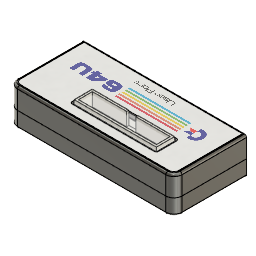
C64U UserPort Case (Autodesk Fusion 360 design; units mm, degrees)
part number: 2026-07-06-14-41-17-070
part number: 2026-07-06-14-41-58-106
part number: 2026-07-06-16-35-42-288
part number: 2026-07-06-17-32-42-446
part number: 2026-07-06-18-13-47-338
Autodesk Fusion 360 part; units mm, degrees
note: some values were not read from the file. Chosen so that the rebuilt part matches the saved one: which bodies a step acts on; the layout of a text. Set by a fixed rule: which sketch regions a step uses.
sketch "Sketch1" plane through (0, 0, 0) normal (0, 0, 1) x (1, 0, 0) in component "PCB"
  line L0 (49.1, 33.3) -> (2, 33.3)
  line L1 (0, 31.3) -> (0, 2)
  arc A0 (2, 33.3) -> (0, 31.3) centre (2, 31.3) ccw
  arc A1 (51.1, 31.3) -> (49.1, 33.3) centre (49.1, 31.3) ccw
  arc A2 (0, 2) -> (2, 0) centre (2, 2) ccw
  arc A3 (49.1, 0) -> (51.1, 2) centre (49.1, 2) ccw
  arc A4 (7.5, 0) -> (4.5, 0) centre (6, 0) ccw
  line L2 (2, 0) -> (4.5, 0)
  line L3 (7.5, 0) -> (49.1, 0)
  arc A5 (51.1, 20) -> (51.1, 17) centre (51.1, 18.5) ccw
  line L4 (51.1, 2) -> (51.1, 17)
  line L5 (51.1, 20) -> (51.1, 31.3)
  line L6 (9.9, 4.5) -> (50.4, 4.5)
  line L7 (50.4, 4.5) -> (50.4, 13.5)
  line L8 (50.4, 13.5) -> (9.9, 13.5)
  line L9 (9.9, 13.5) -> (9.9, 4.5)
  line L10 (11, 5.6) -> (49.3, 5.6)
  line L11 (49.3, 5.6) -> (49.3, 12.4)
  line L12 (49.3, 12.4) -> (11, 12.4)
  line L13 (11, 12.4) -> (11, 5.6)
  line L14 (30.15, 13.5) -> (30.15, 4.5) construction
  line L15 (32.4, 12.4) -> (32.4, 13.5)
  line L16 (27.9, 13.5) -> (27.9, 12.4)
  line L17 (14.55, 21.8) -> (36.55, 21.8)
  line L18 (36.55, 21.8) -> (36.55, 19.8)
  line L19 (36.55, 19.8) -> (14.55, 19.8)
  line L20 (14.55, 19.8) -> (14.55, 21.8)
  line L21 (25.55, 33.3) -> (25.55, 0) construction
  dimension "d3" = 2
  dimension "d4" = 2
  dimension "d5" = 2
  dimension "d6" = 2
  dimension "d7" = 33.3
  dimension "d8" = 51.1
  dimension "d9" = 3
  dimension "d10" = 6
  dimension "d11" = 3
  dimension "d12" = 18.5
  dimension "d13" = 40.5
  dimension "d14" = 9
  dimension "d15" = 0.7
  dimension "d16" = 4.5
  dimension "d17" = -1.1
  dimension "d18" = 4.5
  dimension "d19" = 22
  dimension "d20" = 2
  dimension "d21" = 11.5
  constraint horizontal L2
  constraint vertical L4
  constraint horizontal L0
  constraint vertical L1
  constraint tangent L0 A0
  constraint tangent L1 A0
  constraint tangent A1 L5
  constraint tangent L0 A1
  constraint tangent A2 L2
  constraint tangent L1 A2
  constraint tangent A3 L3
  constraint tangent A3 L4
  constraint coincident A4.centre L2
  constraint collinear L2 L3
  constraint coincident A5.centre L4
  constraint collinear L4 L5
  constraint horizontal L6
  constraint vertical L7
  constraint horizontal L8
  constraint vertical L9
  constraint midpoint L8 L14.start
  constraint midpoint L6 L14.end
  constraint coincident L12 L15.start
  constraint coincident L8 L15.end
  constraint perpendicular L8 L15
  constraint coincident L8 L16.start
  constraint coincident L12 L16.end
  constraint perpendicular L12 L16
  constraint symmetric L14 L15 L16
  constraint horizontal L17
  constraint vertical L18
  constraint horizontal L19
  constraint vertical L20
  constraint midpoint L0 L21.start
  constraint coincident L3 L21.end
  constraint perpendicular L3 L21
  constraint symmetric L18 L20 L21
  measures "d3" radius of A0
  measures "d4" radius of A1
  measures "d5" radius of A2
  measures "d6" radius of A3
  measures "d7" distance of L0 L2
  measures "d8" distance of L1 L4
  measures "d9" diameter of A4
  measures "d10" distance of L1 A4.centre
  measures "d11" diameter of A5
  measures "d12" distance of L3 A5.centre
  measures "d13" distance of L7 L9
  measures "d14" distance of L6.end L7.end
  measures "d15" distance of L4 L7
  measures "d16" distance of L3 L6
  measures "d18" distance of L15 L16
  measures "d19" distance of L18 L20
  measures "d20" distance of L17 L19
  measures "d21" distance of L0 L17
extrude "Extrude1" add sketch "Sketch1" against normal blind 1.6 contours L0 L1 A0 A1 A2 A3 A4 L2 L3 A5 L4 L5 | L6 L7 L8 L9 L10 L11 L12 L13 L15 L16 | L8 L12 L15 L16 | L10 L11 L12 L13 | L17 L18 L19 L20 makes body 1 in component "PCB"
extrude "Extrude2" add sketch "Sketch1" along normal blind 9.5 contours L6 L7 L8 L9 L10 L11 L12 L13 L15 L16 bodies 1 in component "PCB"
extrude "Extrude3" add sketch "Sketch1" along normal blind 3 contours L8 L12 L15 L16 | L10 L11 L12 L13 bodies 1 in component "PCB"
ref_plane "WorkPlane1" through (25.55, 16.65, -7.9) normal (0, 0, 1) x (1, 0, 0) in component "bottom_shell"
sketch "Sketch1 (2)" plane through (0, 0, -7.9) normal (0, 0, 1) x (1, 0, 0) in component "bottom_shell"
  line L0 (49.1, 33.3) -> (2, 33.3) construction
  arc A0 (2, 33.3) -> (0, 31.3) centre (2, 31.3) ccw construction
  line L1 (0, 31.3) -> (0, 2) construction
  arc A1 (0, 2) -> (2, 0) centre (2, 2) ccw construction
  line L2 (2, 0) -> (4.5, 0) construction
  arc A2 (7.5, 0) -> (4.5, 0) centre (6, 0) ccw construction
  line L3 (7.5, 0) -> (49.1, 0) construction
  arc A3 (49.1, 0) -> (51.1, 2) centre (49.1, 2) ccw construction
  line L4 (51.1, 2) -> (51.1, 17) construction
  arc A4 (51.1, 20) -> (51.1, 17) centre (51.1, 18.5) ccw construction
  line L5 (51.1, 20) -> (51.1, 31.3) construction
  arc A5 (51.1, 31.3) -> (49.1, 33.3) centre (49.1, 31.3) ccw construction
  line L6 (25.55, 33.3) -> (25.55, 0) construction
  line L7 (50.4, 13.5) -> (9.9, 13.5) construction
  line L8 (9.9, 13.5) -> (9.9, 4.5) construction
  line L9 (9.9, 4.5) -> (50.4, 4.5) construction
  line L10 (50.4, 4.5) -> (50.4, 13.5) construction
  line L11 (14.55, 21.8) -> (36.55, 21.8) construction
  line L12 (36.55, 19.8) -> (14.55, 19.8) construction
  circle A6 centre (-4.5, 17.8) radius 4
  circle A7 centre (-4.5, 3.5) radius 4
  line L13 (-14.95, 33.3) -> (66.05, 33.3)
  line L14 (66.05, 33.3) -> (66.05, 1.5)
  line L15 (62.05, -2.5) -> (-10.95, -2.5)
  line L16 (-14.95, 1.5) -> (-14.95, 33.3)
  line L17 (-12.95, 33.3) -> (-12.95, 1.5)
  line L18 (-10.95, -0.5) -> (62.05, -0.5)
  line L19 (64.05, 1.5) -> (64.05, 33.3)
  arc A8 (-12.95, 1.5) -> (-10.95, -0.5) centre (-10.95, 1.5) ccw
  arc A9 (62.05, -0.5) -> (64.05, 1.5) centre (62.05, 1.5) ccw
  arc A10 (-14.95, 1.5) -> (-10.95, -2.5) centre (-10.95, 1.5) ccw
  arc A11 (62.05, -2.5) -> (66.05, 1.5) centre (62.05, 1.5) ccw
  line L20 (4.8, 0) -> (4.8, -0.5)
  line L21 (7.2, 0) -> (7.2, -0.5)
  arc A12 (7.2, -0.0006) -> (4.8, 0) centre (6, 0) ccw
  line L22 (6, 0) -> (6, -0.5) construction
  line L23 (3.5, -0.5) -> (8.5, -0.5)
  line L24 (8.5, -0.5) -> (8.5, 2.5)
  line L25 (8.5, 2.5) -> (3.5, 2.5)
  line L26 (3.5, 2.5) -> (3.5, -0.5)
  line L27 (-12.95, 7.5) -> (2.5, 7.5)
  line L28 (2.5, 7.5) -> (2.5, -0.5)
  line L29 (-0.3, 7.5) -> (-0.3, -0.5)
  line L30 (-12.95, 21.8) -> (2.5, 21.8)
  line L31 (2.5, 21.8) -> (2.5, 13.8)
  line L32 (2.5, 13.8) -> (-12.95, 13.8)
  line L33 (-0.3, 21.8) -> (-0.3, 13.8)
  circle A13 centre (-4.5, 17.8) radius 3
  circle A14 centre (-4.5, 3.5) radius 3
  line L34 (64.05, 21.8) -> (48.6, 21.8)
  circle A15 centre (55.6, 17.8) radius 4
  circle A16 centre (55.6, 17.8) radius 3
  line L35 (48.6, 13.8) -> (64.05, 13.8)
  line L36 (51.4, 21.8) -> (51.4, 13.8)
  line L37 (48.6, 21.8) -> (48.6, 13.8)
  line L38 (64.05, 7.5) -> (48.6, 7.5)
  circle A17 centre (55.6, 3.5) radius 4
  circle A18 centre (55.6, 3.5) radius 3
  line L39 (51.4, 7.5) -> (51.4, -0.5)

## What you should do
Show every line in the entries above that contains the string "circle".

## Your solution
  circle A6 centre (-4.5, 17.8) radius 4
  circle A7 centre (-4.5, 3.5) radius 4
  circle A13 centre (-4.5, 17.8) radius 3
  circle A14 centre (-4.5, 3.5) radius 3
  circle A15 centre (55.6, 17.8) radius 4
  circle A16 centre (55.6, 17.8) radius 3
  circle A17 centre (55.6, 3.5) radius 4
  circle A18 centre (55.6, 3.5) radius 3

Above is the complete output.